Agilent 7890B GC – built-in features for substantial helium conservation

Helium still remains the carrier gas of choice, especially for mass spectrometry applications. Its inherent low reactivity with compounds of interest, coupled with its range of linear velocity (see Figure 2), make it the preferred GC carrier gas. When you use helium, the Agilent 7890B GC can help conserve and operate efficiently, saving helium supply and costs. Agilent offers a Programmable Helium Conservation Module and “Sleep/Wake” functions to help decrease usage by up to thirty-fold compared with a system that does not have this functionality.

Nitrogen carrier: best efficiency, limited average linear velocity

Nitrogen provides the best efficiency (see Figure 2); however, its maximum efficiency is at a fairly low average linear velocity. The steepness of the nitrogen van Deemter curve means that small changes in the average linear velocity result in large changes in efficiency. The reduced average linear velocity leads to longer analysis times, which may not be suitable for higher throughput applications. Also, there is a reduction in peak signals which would not be suitable for low level analysis. But, even with its drawbacks N₂ carrier can be used effectively for acrylates, BTEX, alcohols, non-aromatics, monoglycerides (see Figure 3), and light hydrocarbon analyses.

Sensor for use with hydrogen carrier

Another carrier gas that is becoming more popular is hydrogen.

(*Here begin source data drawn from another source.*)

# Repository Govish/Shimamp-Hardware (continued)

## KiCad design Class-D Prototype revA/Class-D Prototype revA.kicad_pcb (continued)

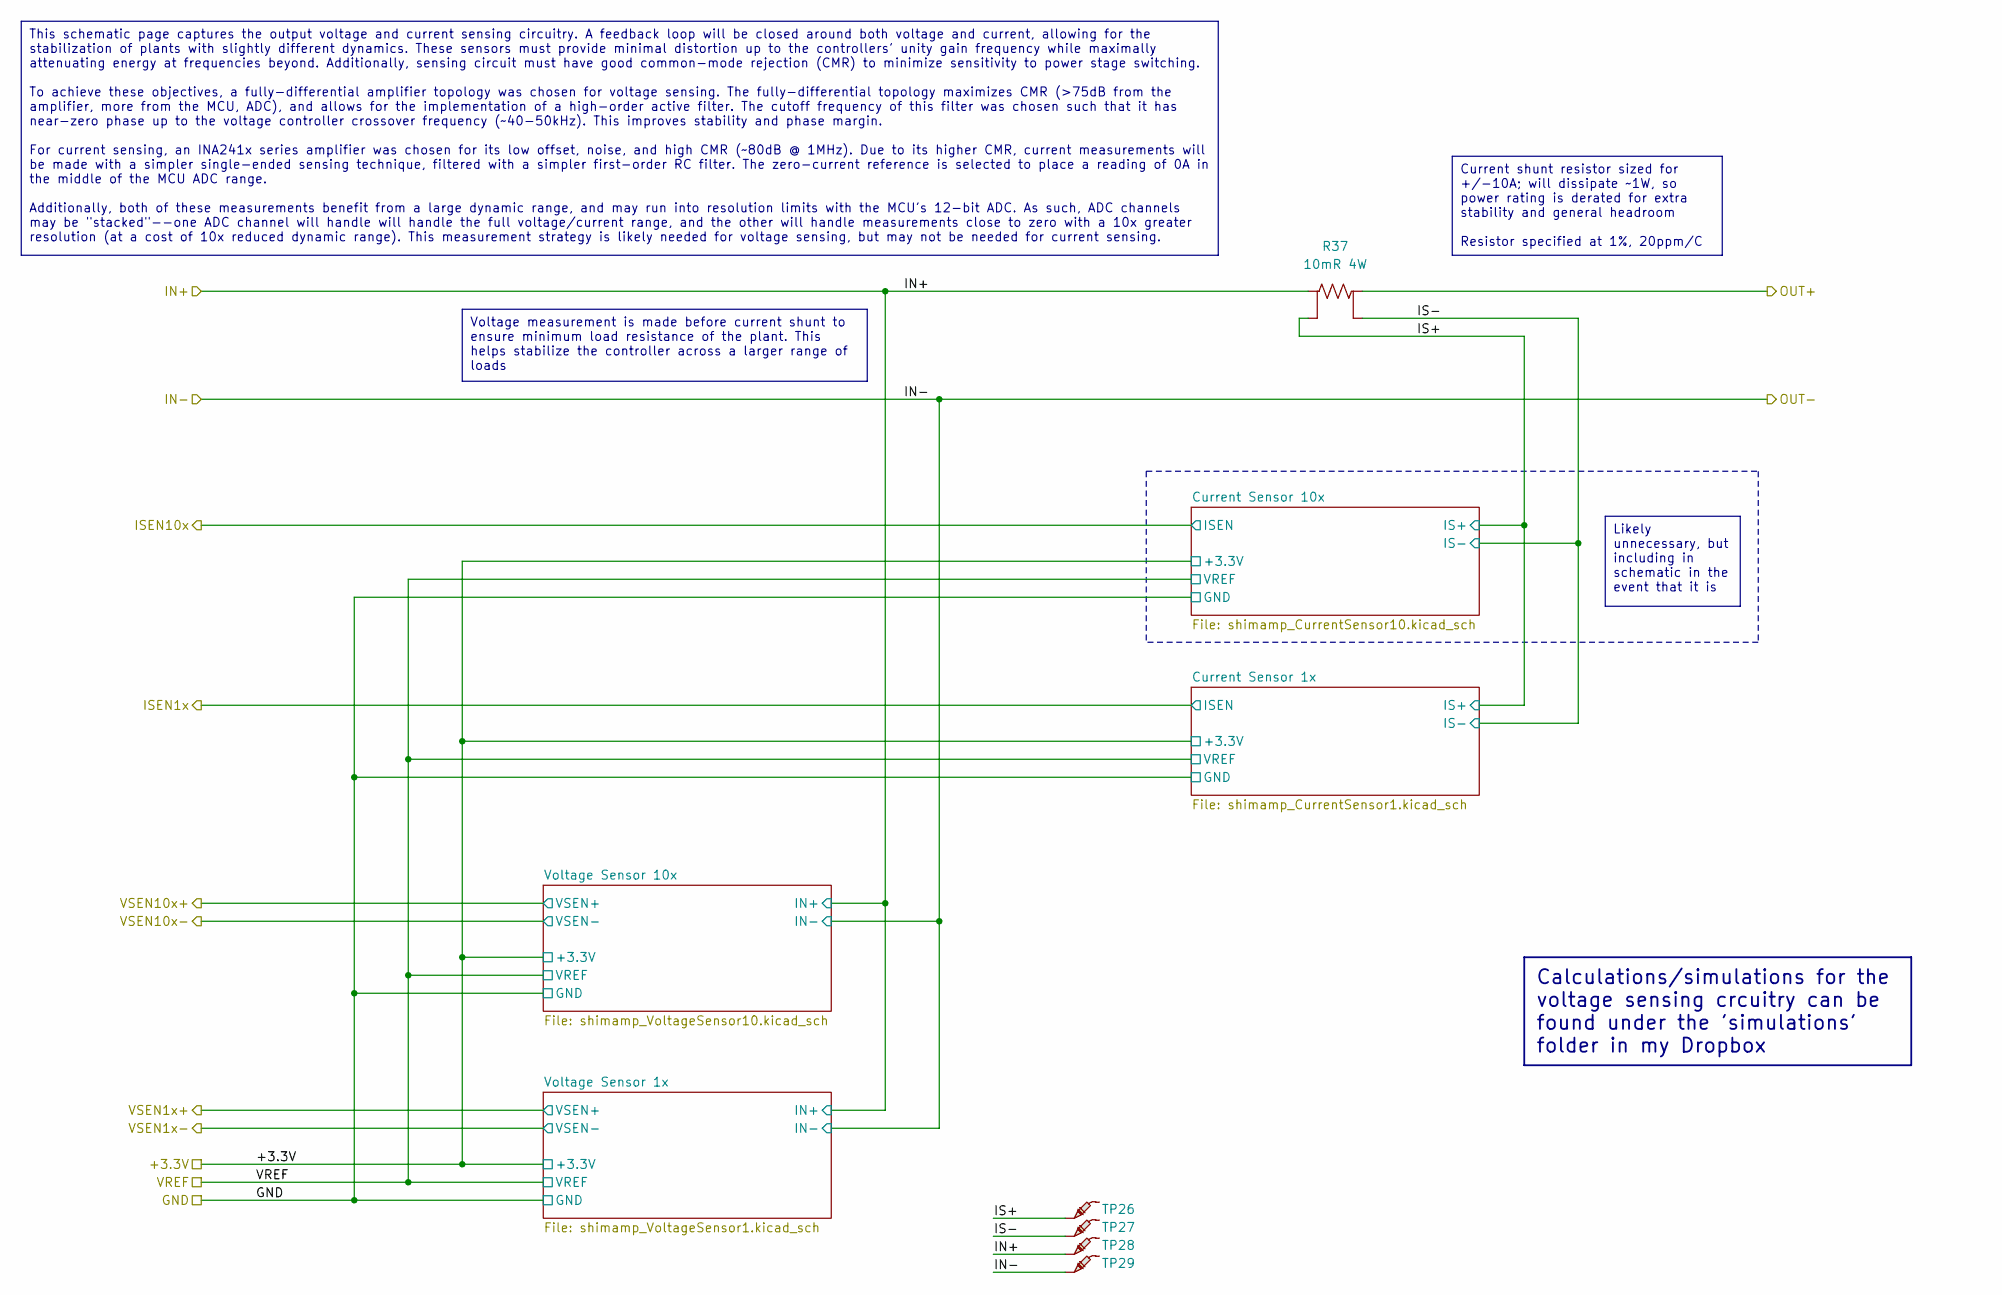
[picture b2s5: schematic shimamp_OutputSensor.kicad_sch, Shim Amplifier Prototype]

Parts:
R37: 10mR 4W; R_2512_6332_CURRENT_SHUNT; Part Number VMS-R010-1.0-U
TP26, TP27, TP28, TP29: -; TestPoint_Pad_D2.0mm

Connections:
/Output Sensor/IN+: R37.2, TP28.1; also elsewhere on the board
/Output Sensor/IN-: TP29.1; also elsewhere on the board
/Output Sensor/IS+: R37.4, TP26.1; also elsewhere on the board
/Output Sensor/IS-: R37.3, TP27.1; also elsewhere on the board
/Output Sensor/OUT+: R37.1; also elsewhere on the board

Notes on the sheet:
This schematic page captures the output voltage and current sensing circuitry. A feedback loop will be closed around both voltage and current, allowing for the stabilization of plants with slightly different dynamics. These sensors must provide minimal distortion up to the controllers' unity gain f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
Calculations/simulations for the voltage sensing crcuitry can be found under the 'simulations' folder in my Dropbox
Likely unnecessary, but including in schematic in the event that it is
Voltage measurement is made before current shunt to ensure minimum load resistance of the plant. This helps stabilize the controller across a larger range of loads
Current shunt resistor sized for +/-10A; will dissipate ~1W, so power rating is derated for extra stability and general headroom Resistor specified at 1%, 20ppm/C

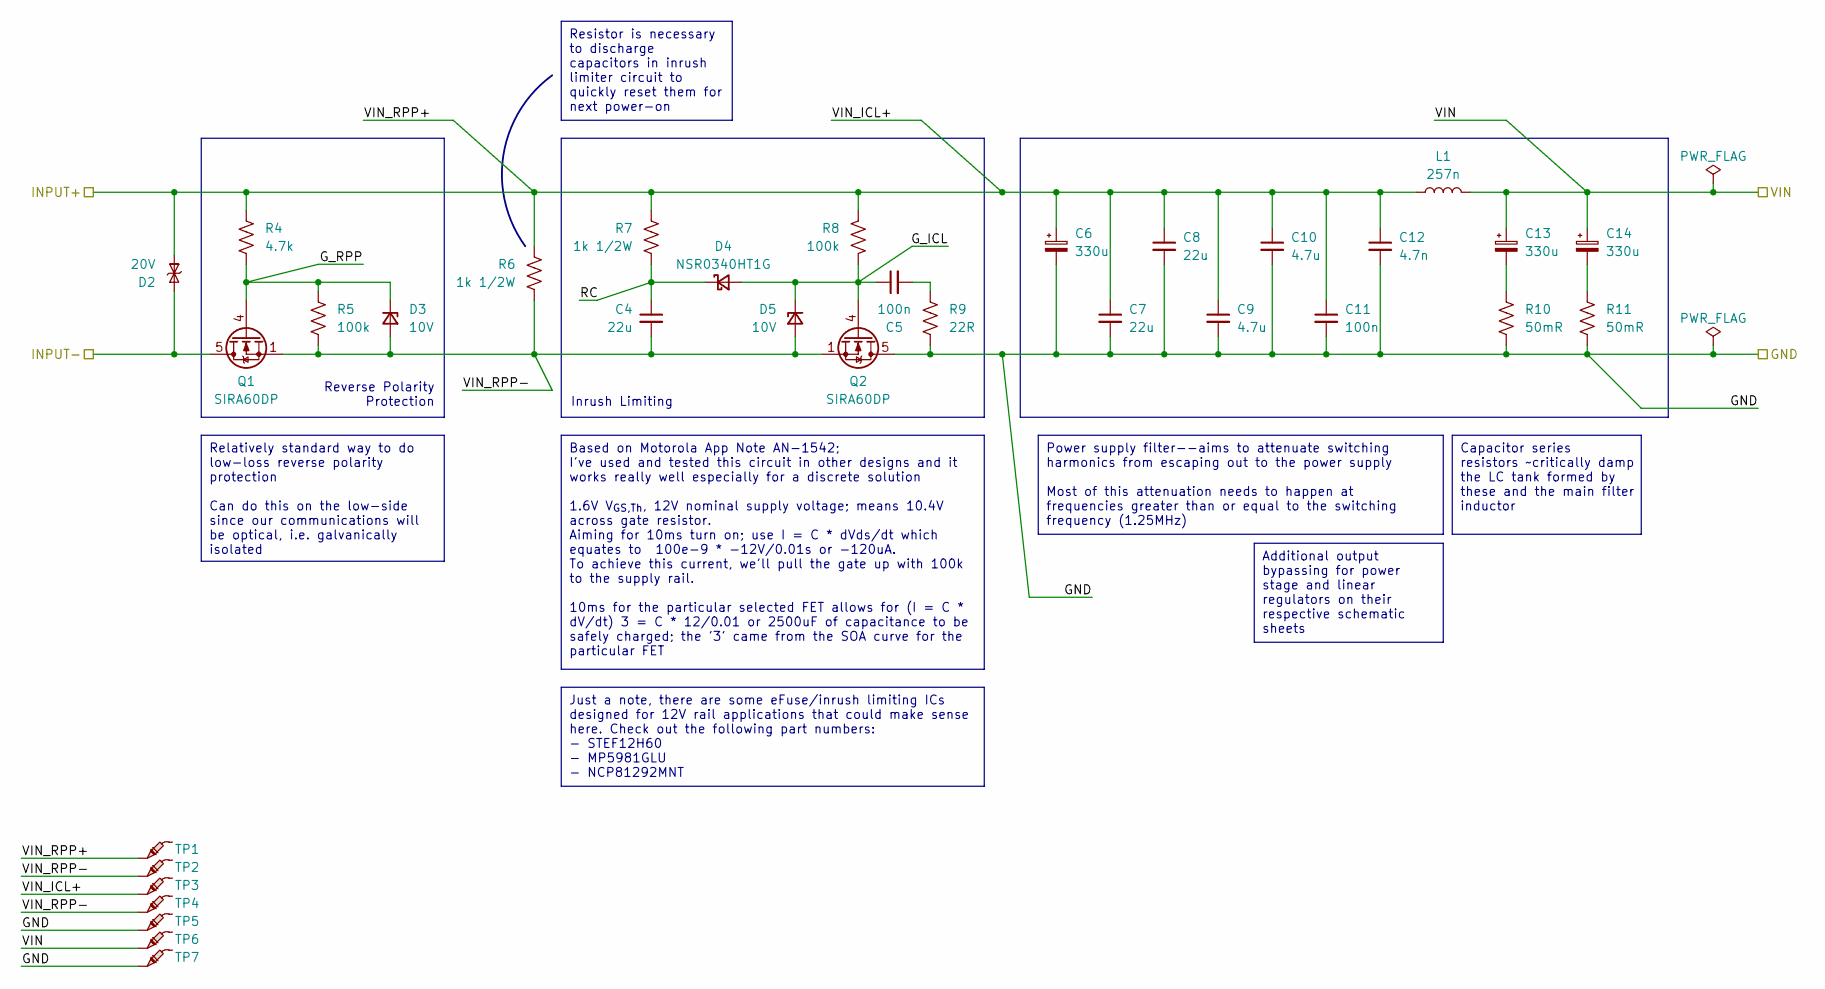
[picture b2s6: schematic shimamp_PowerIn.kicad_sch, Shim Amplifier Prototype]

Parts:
C4, C7, C8: 22u; C_1210_3225Metric_Pad1.33x2.70mm_HandSolder; Part Number CL32B226KAJNNNE
C5, C11: 100n; C_0603_1608Metric_Pad1.08x0.95mm_HandSolder; Part Number CL10B104KB8NNWC
C6, C13, C14: 330u; CP_Elec_10x12.6; Part Number 25SVPF330M
C9, C10: 4.7u; C_0805_2012Metric_Pad1.18x1.45mm_HandSolder; Part Number CL21A475KLCLQNC
C12: 4.7n; C_0402_1005Metric_Pad0.74x0.62mm_HandSolder; Part Number CL05B472KB5NNNC
D2: 20V; D_SMC; Part Number SMCJ20CA
D3, D5: 10V; D_SOD-323_HandSoldering; Part Number MM3Z10VC
D4: NSR0340HT1G; D_SOD-323_HandSoldering; Part Number NSR0340HT1G
L1: 257n; COILCRAFT_2014; Part Number 2014VS-251MED
Q1, Q2: SIRA60DP; PQFN-8-EP_6x5mm_P1.27mm_Generic; Part Number SIRA60DP-T1-GE3
R4: 4.7k; R_0603_1608Metric_Pad0.98x0.95mm_HandSolder; Part Number RMCF0603FT4K70
R5, R8: 100k; R_0603_1608Metric_Pad0.98x0.95mm_HandSolder; Part Number RMCF0603FT100K
R6, R7: 1k 1/2W; R_1210_3225Metric_Pad1.30x2.65mm_HandSolder; Part Number RMCF1210JT1K00
R9: 22R; R_0603_1608Metric_Pad0.98x0.95mm_HandSolder; Part Number RMCF0603FT22R0
R10, R11: 50mR; R_2512_6332Metric_Pad1.40x3.35mm_HandSolder; Part Number CSRN2512FK50L0
TP1, TP2, TP3, TP4, TP5, TP6, TP7: -; TestPoint_Pad_D2.0mm

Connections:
/Input Protection and Filtering/G_ICL: C5.1, D4.2 (A), D5.1 (K), Q2.4 (G), R8.2
/Input Protection and Filtering/G_RPP: D3.1 (K), Q1.4 (G), R4.2, R5.1
/Input Protection and Filtering/INPUT-: D2.2 (A), Q1.5 (D); also elsewhere on the board
/Input Protection and Filtering/RC: C4.1, D4.1 (K), R7.2
/Input Protection and Filtering/VIN_ICL+: C6.1, C7.1, C8.1, C9.1, C10.1, C11.1, C12.1, D2.1 (K), L1.1, R4.1, R6.1, R7.1, R8.1, TP1.1, TP3.1; also elsewhere on the board
/Input Protection and Filtering/VIN_RPP-: C4.2, D3.2 (A), D5.2 (A), Q1.1 (S), Q1.2 (S), Q1.3 (S), Q2.1 (S), Q2.2 (S), Q2.3 (S), R5.2, R6.2, TP2.1, TP4.1
GND: C6.2, C7.2, C8.2, C9.2, C10.2, C11.2, C12.2, Q2.5 (D), R9.2, R10.2, R11.2, TP5.1, TP7.1; also elsewhere on the board
unnamed: C5.2, R9.1
unnamed: C13.2, R10.1
unnamed: C14.2, R11.1
V_{IN}: C13.1, C14.1, L1.2, TP6.1; also elsewhere on the board

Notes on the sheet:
Additional output bypassing for power stage and linear regulators on their respective schematic sheets
Power supply filter--aims to attenuate switching harmonics from escaping out to the power supply Most of this attenuation needs to happen at frequencies greater than or equal to the switching frequency (1.25MHz)
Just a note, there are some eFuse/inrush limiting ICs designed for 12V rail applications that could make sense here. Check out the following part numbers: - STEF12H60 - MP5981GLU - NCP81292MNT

However, hydrogen is highly reactive, and many users are concerned about potential combustion. The analytical benefit of hydrogen is the widest range of maximum efficiency (see Figure 2), making its use desirable to decreases analysis times.

The Agilent 7890B GC has an option of a fully integrated hydrogen sensor that shuts down the GC when the oven atmosphere reaches one percent hydrogen. A one percent atmosphere is 25 percent of the lower explosive limit (LEL) for hydrogen. By disrupting hydrogen flow and shutting the GC down, this potentially hazardous condition never occurs. Agilent also offers an accessory to retrofit and upgrade the older Agilent 7890A GC.

Hydrogen carrier is very economical and useful but it has some drawbacks as well. Hydrogen can increase the rate of bleed for certain columns, which in turn may decrease the useful lifetime of the column. Hydrogen is very reactive and can have an effect on analytes such as nitroanalines and nitrophenols, and can create active sites within the analytical flow path. Agilent offers a complete inert flow path to minimize the risk of activation within the system.

Which carrier gas will work for you?

Helium is considered the main carrier gas for gas chromatography and historically works the best for the majority of applications. However, hydrogen and nitrogen do have merit and are worthy of investigation. With the uncertain future of helium costs and supply, laboratories must have contingency plans. When you prove method competence proactively with alternative carrier gases, you reduce the risk of lost analysis time and associated lost revenue.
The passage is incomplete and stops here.